# Seagull question



## birdlady26 (Jul 29, 2008)

I saw a seagull today in Chicago with what appeared to be an orange circular tag attached to both the inside and outside of its wing. It seemed to be able to fly just fine, causing me to think that it wasn't something caught or entangled on its wing, but I'm not totally sure. Does anyone know if tracking or tagging seagulls is a somewhat common practice, say by bird societies or wildlife groups? I've tried researching a bit online and came up with nothing. I'm not sure if I'll see this seagull again, but I'm wondering if it's in need of help, in case I do.

Thanks for any input!


----------



## John_D (Jan 24, 2002)

Some ocean going birds like certain less common species of gulls, terns and others, plus swans and geese are tagged here in the UK. In some cases it is used to track their flight when migrating, and sometimes particular birds are tagged as a way of monitoring their life span.

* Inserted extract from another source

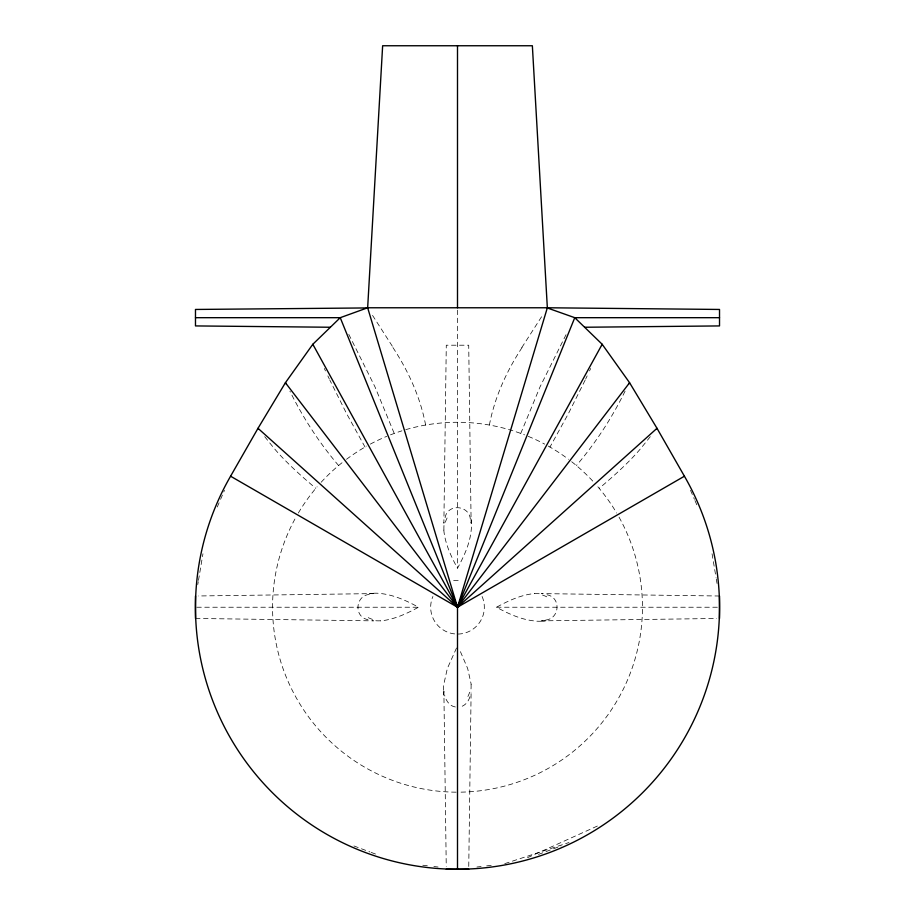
<?xml version="1.0" encoding="UTF-8"?>
<svg xmlns="http://www.w3.org/2000/svg" width="915" height="915" viewBox="0 0 915 915"><rect width="100%" height="100%" fill="white"/><g stroke="black" fill="none" stroke-linecap="round" stroke-linejoin="round"><path stroke-width="0.69" stroke-dasharray="4.58 3.43" d="M468.755 866.448L471.122 691.225L470.996 692.209M444.004 522.248L443.878 523.231L446.28 345.207L468.72 345.207L471.122 523.231L470.996 522.248M197.777 584.559L198.246 581.757M198.486 580.362L202.947 553.769M445.067 517.718C447.607 503.433 468.983 504.886 470.333 519.068M469.933 696.727C468.457 701.542 464.889 706.22 459.639 706.986M520.761 433.435L539.987 386.965L566.213 334.341M217.255 507.001L220.023 500.585M220.584 499.304L224.472 490.326M585.646 379.084L587.144 375.916M589.523 370.918L590.678 368.471M585.131 380.171L568.444 413.534L549.972 447.058M625.071 391.185C611.952 417.858 595.688 442.94 576.381 465.552M456.505 648.026L447.344 668.476L443.798 684.34A369.992 114.615 8.7 0 0 443.535 691.18M443.798 530.117C445.09 543.716 451.026 556.377 457.5 568.226C463.974 556.377 469.91 543.716 471.202 530.117A369.992 114.615 8.7 0 0 471.465 523.277M521.802 347.574L542.458 315.378M650.279 436.672L642.765 446.017A1789.877 141.882 -25.8 0 1 599.199 488.335M373.549 593.263A369.992 114.615 -81.3 0 1 380.388 593.492C393.976 594.887 406.66 600.72 418.498 607.228C406.649 613.702 393.988 619.638 380.388 620.919M541.451 621.194A369.992 114.615 -81.3 0 1 534.612 620.965C521.024 619.569 508.34 613.736 496.502 607.228C508.351 600.755 521.012 594.819 534.612 593.526M527.509 857.687L599.611 825.033M538.478 854.404L561.078 845.963M504.771 863.657L568.981 842.532M369.34 594.395C355.157 595.745 353.705 617.122 367.99 619.661M545.66 620.061C559.843 618.7 561.295 597.335 547.01 594.796M372.519 593.732L373.503 593.606L198.281 595.974M542.481 620.725L541.497 620.85L716.72 618.483M476.944 867.008L481.107 866.528M486.666 865.887L492.213 865.235M196.748 607.228L418.498 607.228M496.502 607.228L718.252 607.228M719.522 596.008L541.497 593.606L542.481 593.732M195.478 618.449L373.503 620.85L372.519 620.725M422.787 865.235L428.334 865.887M433.893 866.528L438.056 867.008M455.361 706.986C449.585 706.128 445.982 700.684 444.667 695.389M353.922 845.963L369.877 851.922M371.204 852.425L376.522 854.404M338.619 465.552C319.312 442.94 303.048 417.858 289.929 391.185M264.721 436.672L272.235 446.017A1789.877 141.882 25.8 0 0 315.801 488.335M372.542 315.378L393.198 347.574M365.028 447.058L346.556 413.534L329.869 380.171M348.787 334.341L375.013 386.965L394.239 433.435M460.428 651.674L467.656 668.476L471.202 684.34M324.322 368.471L325.477 370.918M327.856 375.916L329.354 379.084M690.528 490.326L694.416 499.304M694.977 500.585L697.745 507.001M712.053 553.769L716.045 577.559M716.285 578.955L717.223 584.559M444.004 692.209L443.878 691.225L446.246 866.448M457.5 310.151L457.5 568.226M619.032 517.147A184.956 184.956 0 0 1 460.245 792.161M456.128 792.173A184.956 184.956 0 0 1 295.968 517.147M298.347 513.018A184.956 184.956 0 0 1 317.128 486.803M321.142 482.274A184.956 184.956 0 0 1 343.308 461.732M346.51 459.284A184.956 184.956 0 0 1 366.778 446.062M370.312 444.118A184.956 184.956 0 0 1 386.725 436.352M390.465 434.854A184.956 184.956 0 0 1 401.879 430.839M405.745 429.661A184.956 184.956 0 0 1 524.535 434.854M528.275 436.352A184.956 184.956 0 0 1 544.688 444.118M548.222 446.062A184.956 184.956 0 0 1 568.49 459.284M571.692 461.732A184.956 184.956 0 0 1 593.858 482.274M597.872 486.803A184.956 184.956 0 0 1 616.653 513.018M392.958 347.574A1793.629 543.384 1.9 0 1 425.624 425.086M489.376 425.086A1793.629 543.384 -1.9 0 1 522.042 347.574M482.091 596.477A26.844 26.844 0 0 1 457.5 634.072A26.844 26.844 0 0 1 432.909 596.477M453.646 580.67A26.844 26.844 0 0 1 461.354 580.67M534.635 593.663A369.992 114.478 80.9 0 1 541.543 593.961M542.504 595.059A236.447 76.837 86.7 0 1 546.998 596.946M443.889 695.377A242.109 79.17 1.7 0 1 443.603 692.198M380.365 620.793A369.992 114.478 80.9 0 1 373.457 620.496M372.497 619.386A236.447 76.837 86.7 0 1 368.002 617.511M369.34 593.618A242.109 79.17 -88.3 0 1 372.519 593.332M545.66 620.839A242.109 79.17 -88.3 0 1 542.481 621.125M443.935 530.094A369.992 114.478 -9.1 0 1 444.233 523.186M445.342 522.225A236.447 76.837 -3.3 0 1 447.218 517.73M471.111 519.068A242.109 79.17 1.7 0 1 471.397 522.248M471.065 684.363A369.992 114.478 -9.1 0 1 470.768 691.271M469.658 692.232A236.447 76.837 -3.3 0 1 467.782 696.727"/><path stroke-width="1.37" d="M230.58 476.212L457.5 607.228L547.342 307.772L532.358 45.75L382.642 45.75L367.658 307.772L457.5 607.228L457.5 869.25A262.022 262.022 0 0 1 230.58 476.212L257.996 428.312L285.411 382.733L312.827 344.269L340.243 317.688L367.658 307.772L547.342 307.772L719.522 309.453L719.522 325.923L584.605 327.25M258.499 428.929L257.996 428.312L457.5 607.228L574.757 317.688L719.522 317.688M601.59 345.493L602.173 344.269L574.757 317.688L547.239 307.932M629.085 383.671L629.589 382.733L602.173 344.269L457.5 607.228L285.411 382.733L285.915 383.671M313.41 345.493L312.827 344.269L457.5 607.228L629.589 382.733L657.004 428.312L684.42 476.212A262.022 262.022 0 0 1 457.5 869.25M656.501 428.929L657.004 428.312L457.5 607.228L340.243 317.688L195.478 317.688M457.5 607.228L684.42 476.212M446.28 869.25L468.72 869.25M330.395 327.25L195.478 325.923L195.478 309.453L367.761 307.932M719.522 596.008L719.522 618.449M457.5 45.75L457.5 307.772M195.478 596.008L195.478 618.449"/></g></svg>

That kind of thing may be what you saw, possibly depending on what species of gull it was.

John


----------



## birdlady26 (Jul 29, 2008)

It looked to me to be a herring gull, but I'm not certain. I just wasn't sure if that type of obvious tagging was used, or something more subtle, like a leg band. Thanks for the info!


----------



## naturegirl (Nov 7, 2005)

Funny I seen a baby seagull here in Mid-Michigan and I just about crapped myself as I never seen a baby that big ever. When I got home I looked it up and it happened to be a Herring Gull. Cutest little guy or should I say big guy I ever seen. Oh well Thought I would add my 2 cents to this 

Cindy


----------